[Start of section]

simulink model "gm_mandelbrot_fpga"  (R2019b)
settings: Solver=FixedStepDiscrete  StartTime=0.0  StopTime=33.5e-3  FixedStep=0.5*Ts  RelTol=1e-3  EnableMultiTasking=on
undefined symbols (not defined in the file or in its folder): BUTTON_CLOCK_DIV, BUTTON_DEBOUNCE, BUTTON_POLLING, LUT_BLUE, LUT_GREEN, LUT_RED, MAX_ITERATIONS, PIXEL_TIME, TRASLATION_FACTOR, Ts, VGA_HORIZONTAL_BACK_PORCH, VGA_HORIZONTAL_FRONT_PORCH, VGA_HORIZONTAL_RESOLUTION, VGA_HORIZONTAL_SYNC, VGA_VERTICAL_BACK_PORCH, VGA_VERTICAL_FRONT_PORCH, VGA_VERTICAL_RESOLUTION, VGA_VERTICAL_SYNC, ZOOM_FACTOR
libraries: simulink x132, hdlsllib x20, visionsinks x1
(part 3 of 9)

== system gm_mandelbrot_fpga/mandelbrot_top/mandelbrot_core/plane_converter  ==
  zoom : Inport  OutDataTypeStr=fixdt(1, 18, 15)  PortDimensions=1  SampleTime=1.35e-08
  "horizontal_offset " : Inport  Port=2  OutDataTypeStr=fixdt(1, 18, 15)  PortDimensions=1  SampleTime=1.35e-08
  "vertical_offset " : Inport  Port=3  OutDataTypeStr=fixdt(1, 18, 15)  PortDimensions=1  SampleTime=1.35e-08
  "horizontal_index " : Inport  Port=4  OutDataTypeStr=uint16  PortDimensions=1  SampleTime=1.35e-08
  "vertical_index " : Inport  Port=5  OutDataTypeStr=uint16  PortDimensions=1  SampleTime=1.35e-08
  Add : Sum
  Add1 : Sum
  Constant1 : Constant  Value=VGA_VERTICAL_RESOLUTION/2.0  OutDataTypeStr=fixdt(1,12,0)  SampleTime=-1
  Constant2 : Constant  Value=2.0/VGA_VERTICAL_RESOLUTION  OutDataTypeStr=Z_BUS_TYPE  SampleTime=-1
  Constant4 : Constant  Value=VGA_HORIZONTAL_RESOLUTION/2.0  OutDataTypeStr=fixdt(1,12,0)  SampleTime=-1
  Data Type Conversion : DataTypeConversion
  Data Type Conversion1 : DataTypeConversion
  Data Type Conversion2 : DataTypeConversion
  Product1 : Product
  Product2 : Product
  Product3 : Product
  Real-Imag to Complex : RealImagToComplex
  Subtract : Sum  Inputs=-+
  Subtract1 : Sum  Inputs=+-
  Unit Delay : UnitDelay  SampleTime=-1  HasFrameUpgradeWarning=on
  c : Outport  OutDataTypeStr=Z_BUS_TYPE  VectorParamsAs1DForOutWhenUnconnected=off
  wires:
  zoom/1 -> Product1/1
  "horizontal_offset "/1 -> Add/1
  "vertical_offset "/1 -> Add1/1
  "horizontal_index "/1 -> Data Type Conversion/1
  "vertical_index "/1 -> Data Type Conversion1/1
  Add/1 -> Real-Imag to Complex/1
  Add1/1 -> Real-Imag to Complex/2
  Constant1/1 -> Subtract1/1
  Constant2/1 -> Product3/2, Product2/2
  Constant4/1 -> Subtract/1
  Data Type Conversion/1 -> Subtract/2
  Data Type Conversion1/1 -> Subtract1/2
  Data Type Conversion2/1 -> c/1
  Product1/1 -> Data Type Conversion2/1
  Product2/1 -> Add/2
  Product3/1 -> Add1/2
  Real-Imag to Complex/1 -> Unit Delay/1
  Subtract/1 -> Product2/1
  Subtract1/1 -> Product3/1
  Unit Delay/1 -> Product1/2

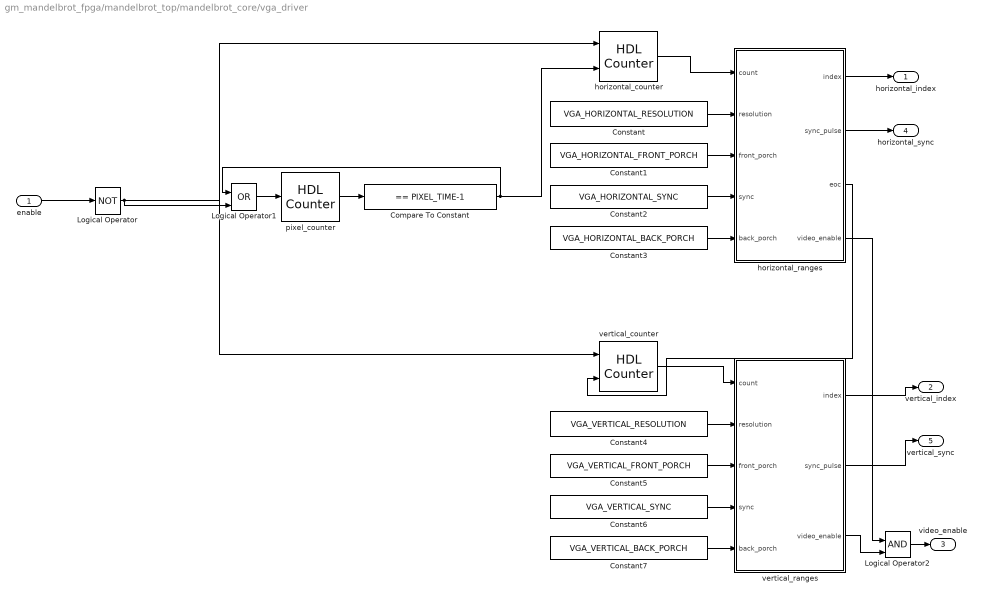
== system gm_mandelbrot_fpga/mandelbrot_top/mandelbrot_core/vga_driver ==
  "enable " : Inport  OutDataTypeStr=boolean  PortDimensions=1  SampleTime=1.35e-08
  Compare To Constant : simulink/Logic and Bit Operations/Compare To Constant  relop===  const=PIXEL_TIME-1  OutDataTypeStr=boolean
  Constant : Constant  Value=VGA_HORIZONTAL_RESOLUTION  OutDataTypeStr=uint16  SampleTime=-1
  Constant1 : Constant  Value=VGA_HORIZONTAL_FRONT_PORCH  OutDataTypeStr=uint16  SampleTime=-1
  Constant2 : Constant  Value=VGA_HORIZONTAL_SYNC  OutDataTypeStr=uint16  SampleTime=-1
  Constant3 : Constant  Value=VGA_HORIZONTAL_BACK_PORCH  OutDataTypeStr=uint16  SampleTime=-1
  Constant4 : Constant  Value=VGA_VERTICAL_RESOLUTION  OutDataTypeStr=uint16  SampleTime=-1
  Constant5 : Constant  Value=VGA_VERTICAL_FRONT_PORCH  OutDataTypeStr=uint16  SampleTime=-1
  Constant6 : Constant  Value=VGA_VERTICAL_SYNC  OutDataTypeStr=uint16  SampleTime=-1
  Constant7 : Constant  Value=VGA_VERTICAL_BACK_PORCH  OutDataTypeStr=uint16  SampleTime=-1
  Logical Operator : Logic  Operator=NOT  IconShape=distinctive  AllPortsSameDT=off  OutDataTypeStr=boolean
  Logical Operator1 : Logic  Operator=OR  IconShape=distinctive  AllPortsSameDT=off  OutDataTypeStr=boolean
  Logical Operator2 : Logic  IconShape=distinctive  AllPortsSameDT=off  OutDataTypeStr=boolean
  horizontal_counter : hdlsllib/Sources/HDL Counter  CountType=Count limited  CountInit=0  CountStep=1  CountMax=VGA_HORIZONTAL_RESOLUTION+VGA_HORIZONTAL_FRONT_PORCH+VGA_HORIZONTAL_SYNC+VGA_HORIZONTAL_BACK_PORCH-1  CountFromType=Initial value  CountFrom=0  CountResetPort=on  CountLoadPort=off  CountEnbPort=on  CountDirPort=off  CountDataType=Unsigned  CountWordLen=16  CountFracLen=0  CountSampTime=1
      settings: SourceProductName=Simulink
  horizontal_ranges : Subsystem
  "pixel_counter " : hdlsllib/Sources/HDL Counter  CountType=Count limited  CountInit=0  CountStep=1  CountMax=PIXEL_TIME  CountFromType=Initial value  CountFrom=0  CountResetPort=on  CountLoadPort=off  CountEnbPort=off  CountDirPort=off  CountDataType=Unsigned  CountWordLen=8  CountFracLen=0  CountSampTime=Ts
      settings: SourceProductName=Simulink
  "vertical_counter " : hdlsllib/Sources/HDL Counter  CountType=Count limited  CountInit=0  CountStep=1  CountMax=VGA_VERTICAL_RESOLUTION+VGA_VERTICAL_FRONT_PORCH+VGA_VERTICAL_SYNC+VGA_VERTICAL_BACK_PORCH-1  CountFromType=Initial value  CountFrom=0  CountResetPort=on  CountLoadPort=off  CountEnbPort=on  CountDirPort=off  CountDataType=Unsigned  CountWordLen=16  CountFracLen=0  CountSampTime=1
      settings: SourceProductName=Simulink
  "vertical_ranges " : Subsystem
  horizontal_index : Outport  VectorParamsAs1DForOutWhenUnconnected=off
  vertical_index : Outport  Port=2  VectorParamsAs1DForOutWhenUnconnected=off
  "video_enable " : Outport  Port=3  OutDataTypeStr=boolean  VectorParamsAs1DForOutWhenUnconnected=off
  horizontal_sync : Outport  Port=4  OutDataTypeStr=boolean  VectorParamsAs1DForOutWhenUnconnected=off
  "vertical_sync " : Outport  Port=5  OutDataTypeStr=boolean  VectorParamsAs1DForOutWhenUnconnected=off
  wires:
  "enable "/1 -> Logical Operator/1
  Compare To Constant/1 -> Logical Operator1/1, horizontal_counter/2
  Constant/1 -> horizontal_ranges/2(resolution)
  Constant1/1 -> horizontal_ranges/3(front_porch)
  Constant2/1 -> horizontal_ranges/4("sync ")
  Constant3/1 -> horizontal_ranges/5(back_porch)
  Constant4/1 -> "vertical_ranges "/2(resolution)
  Constant5/1 -> "vertical_ranges "/3(front_porch)
  Constant6/1 -> "vertical_ranges "/4("sync ")
  Constant7/1 -> "vertical_ranges "/5(back_porch)
  Logical Operator/1 -> Logical Operator1/2, "vertical_counter "/1, horizontal_counter/1
  Logical Operator1/1 -> "pixel_counter "/1
  Logical Operator2/1 -> "video_enable "/1
  horizontal_counter/1 -> horizontal_ranges/1("count ")
  horizontal_ranges/1("index ") -> horizontal_index/1
  horizontal_ranges/2("sync_pulse ") -> horizontal_sync/1
  horizontal_ranges/3("eoc ") -> "vertical_counter "/2
  horizontal_ranges/4(video_enable) -> Logical Operator2/1
  "pixel_counter "/1 -> Compare To Constant/1
  "vertical_counter "/1 -> "vertical_ranges "/1("count ")
  "vertical_ranges "/1("index ") -> vertical_index/1
  "vertical_ranges "/2("sync_pulse ") -> "vertical_sync "/1
  "vertical_ranges "/3(video_enable) -> Logical Operator2/2

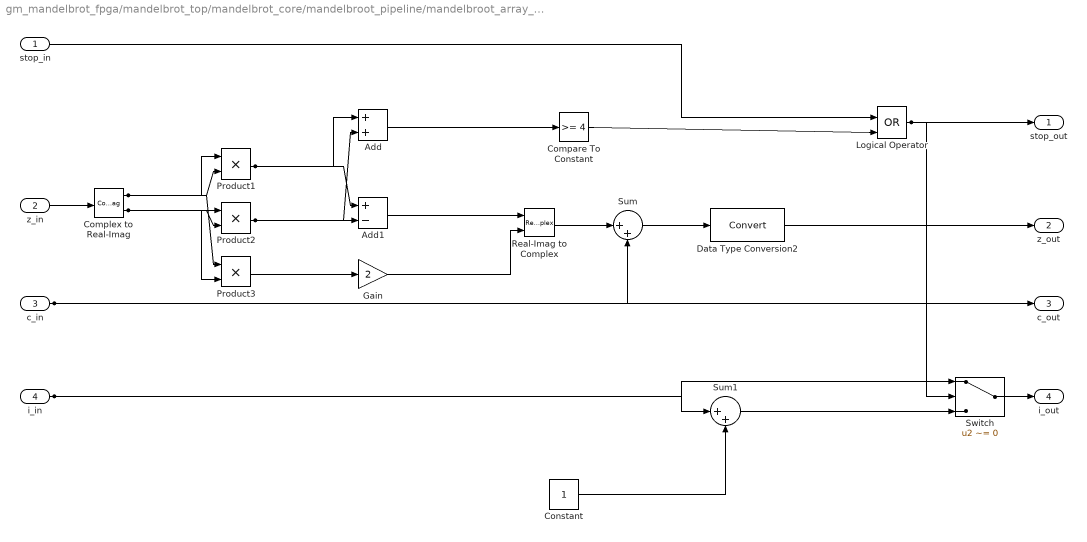
== system gm_mandelbrot_fpga/mandelbrot_top/mandelbrot_core/mandelbroot_pipeline/mandelbroot_array_instance1 ==
  stop_in : Inport  OutDataTypeStr=boolean  PortDimensions=1  SampleTime=1.35e-08
  z_in : Inport  Port=2  OutDataTypeStr=fixdt(1, 18, 15)  PortDimensions=1  SampleTime=1.35e-08
      settings: SignalType=complex
  c_in : Inport  Port=3  OutDataTypeStr=fixdt(1, 18, 15)  PortDimensions=1  SampleTime=1.35e-08
      settings: SignalType=complex
  i_in : Inport  Port=4  OutDataTypeStr=fixdt(0, 7, 0)  PortDimensions=1  SampleTime=1.35e-08
  Add : Sum
  Add1 : Sum  Inputs=+-  OutDataTypeStr=Inherit: Same as first input
  Compare To Constant : simulink/Logic and Bit Operations/Compare To Constant  relop=>=  const=4  OutDataTypeStr=boolean
  Complex to Real-Imag : ComplexToRealImag
  Constant : Constant  OutDataTypeStr=uint8  SampleTime=-1
  Data Type Conversion2 : DataTypeConversion
  Gain : Gain  Gain=2  OutDataTypeStr=Inherit: Same as input  ParamDataTypeStr=Inherit: Same as input
  Logical Operator : Logic  Operator=OR  IconShape=distinctive  AllPortsSameDT=off  OutDataTypeStr=boolean
  Product1 : Product
  Product2 : Product
  Product3 : Product
  Real-Imag to Complex : RealImagToComplex
  Sum : Sum  Inputs=|++  OutDataTypeStr=Inherit: Same as first input
  Sum1 : Sum  Inputs=|++
  Switch : Switch  Criteria=u2 ~= 0
  stop_out : Outport  VectorParamsAs1DForOutWhenUnconnected=off
  z_out : Outport  Port=2  VectorParamsAs1DForOutWhenUnconnected=off
  c_out : Outport  Port=3  VectorParamsAs1DForOutWhenUnconnected=off
  i_out : Outport  Port=4  VectorParamsAs1DForOutWhenUnconnected=off
  wires:
  Switch/1 -> i_out/1
  Sum1/1 -> Switch/3
  Sum/1 -> Data Type Conversion2/1
  Real-Imag to Complex/1 -> Sum/1
  Product3/1 -> Gain/1
  Product2/1 -> Add/2, Add1/2
  Product1/1 -> Add/1, Add1/1
  Logical Operator/1 -> Switch/2, stop_out/1
  Gain/1 -> Real-Imag to Complex/2
  Data Type Conversion2/1 -> z_out/1
  Constant/1 -> Sum1/2
  Complex to Real-Imag/1 -> Product1/2, Product1/1, Product3/1
  Complex to Real-Imag/2 -> Product2/2, Product2/1, Product3/2
  Compare To Constant/1 -> Logical Operator/2
  Add1/1 -> Real-Imag to Complex/1
  Add/1 -> Compare To Constant/1
  stop_in/1 -> Logical Operator/1
  z_in/1 -> Complex to Real-Imag/1
  c_in/1 -> Sum/2, c_out/1
  i_in/1 -> Sum1/1, Switch/1

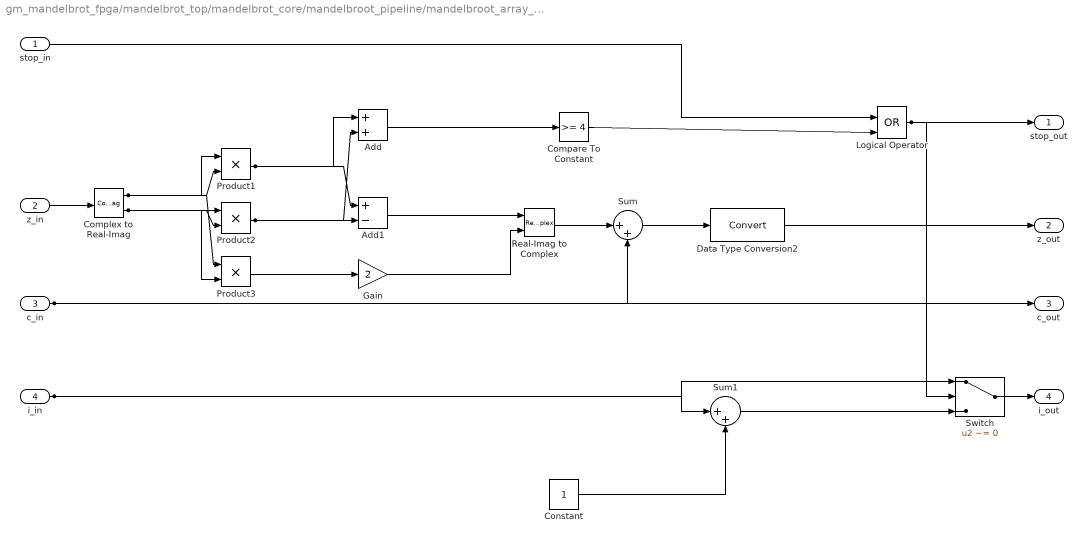
== system gm_mandelbrot_fpga/mandelbrot_top/mandelbrot_core/mandelbroot_pipeline/mandelbroot_array_instance10 ==
  stop_in : Inport  OutDataTypeStr=boolean  PortDimensions=1  SampleTime=1.35e-08
  z_in : Inport  Port=2  OutDataTypeStr=fixdt(1, 18, 15)  PortDimensions=1  SampleTime=1.35e-08
      settings: SignalType=complex
  c_in : Inport  Port=3  OutDataTypeStr=fixdt(1, 18, 15)  PortDimensions=1  SampleTime=1.35e-08
      settings: SignalType=complex
  i_in : Inport  Port=4  OutDataTypeStr=fixdt(0, 7, 0)  PortDimensions=1  SampleTime=1.35e-08
  Add : Sum
  Add1 : Sum  Inputs=+-  OutDataTypeStr=Inherit: Same as first input
  Compare To Constant : simulink/Logic and Bit Operations/Compare To Constant  relop=>=  const=4  OutDataTypeStr=boolean
  Complex to Real-Imag : ComplexToRealImag
  Constant : Constant  OutDataTypeStr=uint8  SampleTime=-1
  Data Type Conversion2 : DataTypeConversion
  Gain : Gain  Gain=2  OutDataTypeStr=Inherit: Same as input  ParamDataTypeStr=Inherit: Same as input
  Logical Operator : Logic  Operator=OR  IconShape=distinctive  AllPortsSameDT=off  OutDataTypeStr=boolean
  Product1 : Product
  Product2 : Product
  Product3 : Product
  Real-Imag to Complex : RealImagToComplex
  Sum : Sum  Inputs=|++  OutDataTypeStr=Inherit: Same as first input
  Sum1 : Sum  Inputs=|++
  Switch : Switch  Criteria=u2 ~= 0
  stop_out : Outport  VectorParamsAs1DForOutWhenUnconnected=off
  z_out : Outport  Port=2  VectorParamsAs1DForOutWhenUnconnected=off
  c_out : Outport  Port=3  VectorParamsAs1DForOutWhenUnconnected=off
  i_out : Outport  Port=4  VectorParamsAs1DForOutWhenUnconnected=off
  wires:
  i_in/1 -> Switch/1, Sum1/1
  c_in/1 -> c_out/1, Sum/2
  z_in/1 -> Complex to Real-Imag/1
  stop_in/1 -> Logical Operator/1
  Add/1 -> Compare To Constant/1
  Add1/1 -> Real-Imag to Complex/1
  Compare To Constant/1 -> Logical Operator/2
  Complex to Real-Imag/2 -> Product3/2, Product2/1, Product2/2
  Complex to Real-Imag/1 -> Product3/1, Product1/1, Product1/2
  Constant/1 -> Sum1/2
  Data Type Conversion2/1 -> z_out/1
  Gain/1 -> Real-Imag to Complex/2
  Logical Operator/1 -> stop_out/1, Switch/2
  Product1/1 -> Add1/1, Add/1
  Product2/1 -> Add1/2, Add/2
  Product3/1 -> Gain/1
  Real-Imag to Complex/1 -> Sum/1
  Sum/1 -> Data Type Conversion2/1
  Sum1/1 -> Switch/3
  Switch/1 -> i_out/1

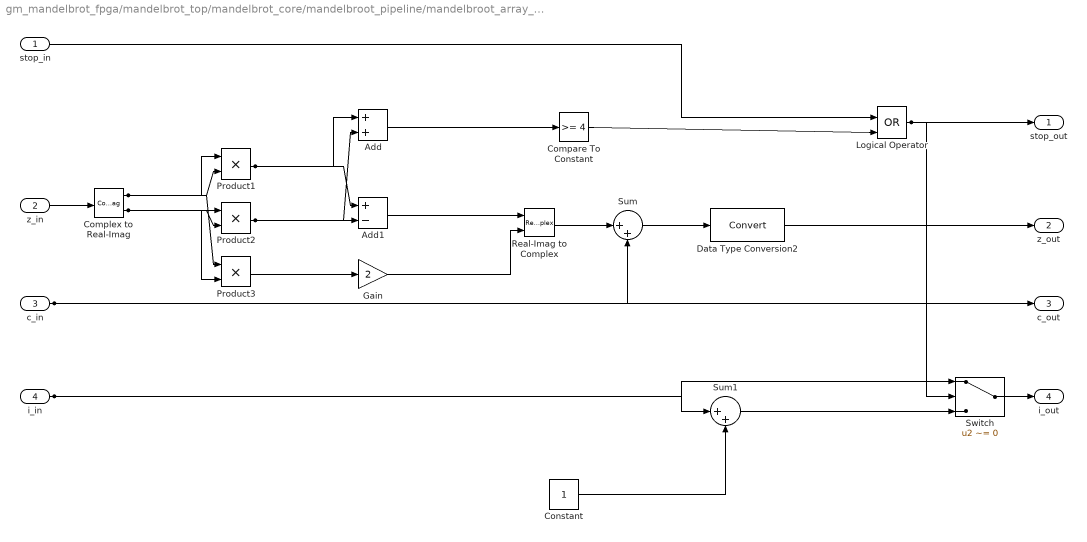
== system gm_mandelbrot_fpga/mandelbrot_top/mandelbrot_core/mandelbroot_pipeline/mandelbroot_array_instance100 ==
  stop_in : Inport  OutDataTypeStr=boolean  PortDimensions=1  SampleTime=1.35e-08
  z_in : Inport  Port=2  OutDataTypeStr=fixdt(1, 18, 15)  PortDimensions=1  SampleTime=1.35e-08
      settings: SignalType=complex
  c_in : Inport  Port=3  OutDataTypeStr=fixdt(1, 18, 15)  PortDimensions=1  SampleTime=1.35e-08
      settings: SignalType=complex
  i_in : Inport  Port=4  OutDataTypeStr=fixdt(0, 7, 0)  PortDimensions=1  SampleTime=1.35e-08
  Add : Sum
  Add1 : Sum  Inputs=+-  OutDataTypeStr=Inherit: Same as first input
  Compare To Constant : simulink/Logic and Bit Operations/Compare To Constant  relop=>=  const=4  OutDataTypeStr=boolean
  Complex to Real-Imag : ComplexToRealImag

[End of section]

**ASSIGNED TASK:**
Copy the stretch of the records above that runs from the line with "Unit Delay : UnitDelay" through the line with "Unit Delay/1 -> Product1/2". Both end lines belong in the copy, and nothing else does.

**ANSWER SPACE:**
  Unit Delay : UnitDelay  SampleTime=-1  HasFrameUpgradeWarning=on
  c : Outport  OutDataTypeStr=Z_BUS_TYPE  VectorParamsAs1DForOutWhenUnconnected=off
  wires:
  zoom/1 -> Product1/1
  "horizontal_offset "/1 -> Add/1
  "vertical_offset "/1 -> Add1/1
  "horizontal_index "/1 -> Data Type Conversion/1
  "vertical_index "/1 -> Data Type Conversion1/1
  Add/1 -> Real-Imag to Complex/1
  Add1/1 -> Real-Imag to Complex/2
  Constant1/1 -> Subtract1/1
  Constant2/1 -> Product3/2, Product2/2
  Constant4/1 -> Subtract/1
  Data Type Conversion/1 -> Subtract/2
  Data Type Conversion1/1 -> Subtract1/2
  Data Type Conversion2/1 -> c/1
  Product1/1 -> Data Type Conversion2/1
  Product2/1 -> Add/2
  Product3/1 -> Add1/2
  Real-Imag to Complex/1 -> Unit Delay/1
  Subtract/1 -> Product2/1
  Subtract1/1 -> Product3/1
  Unit Delay/1 -> Product1/2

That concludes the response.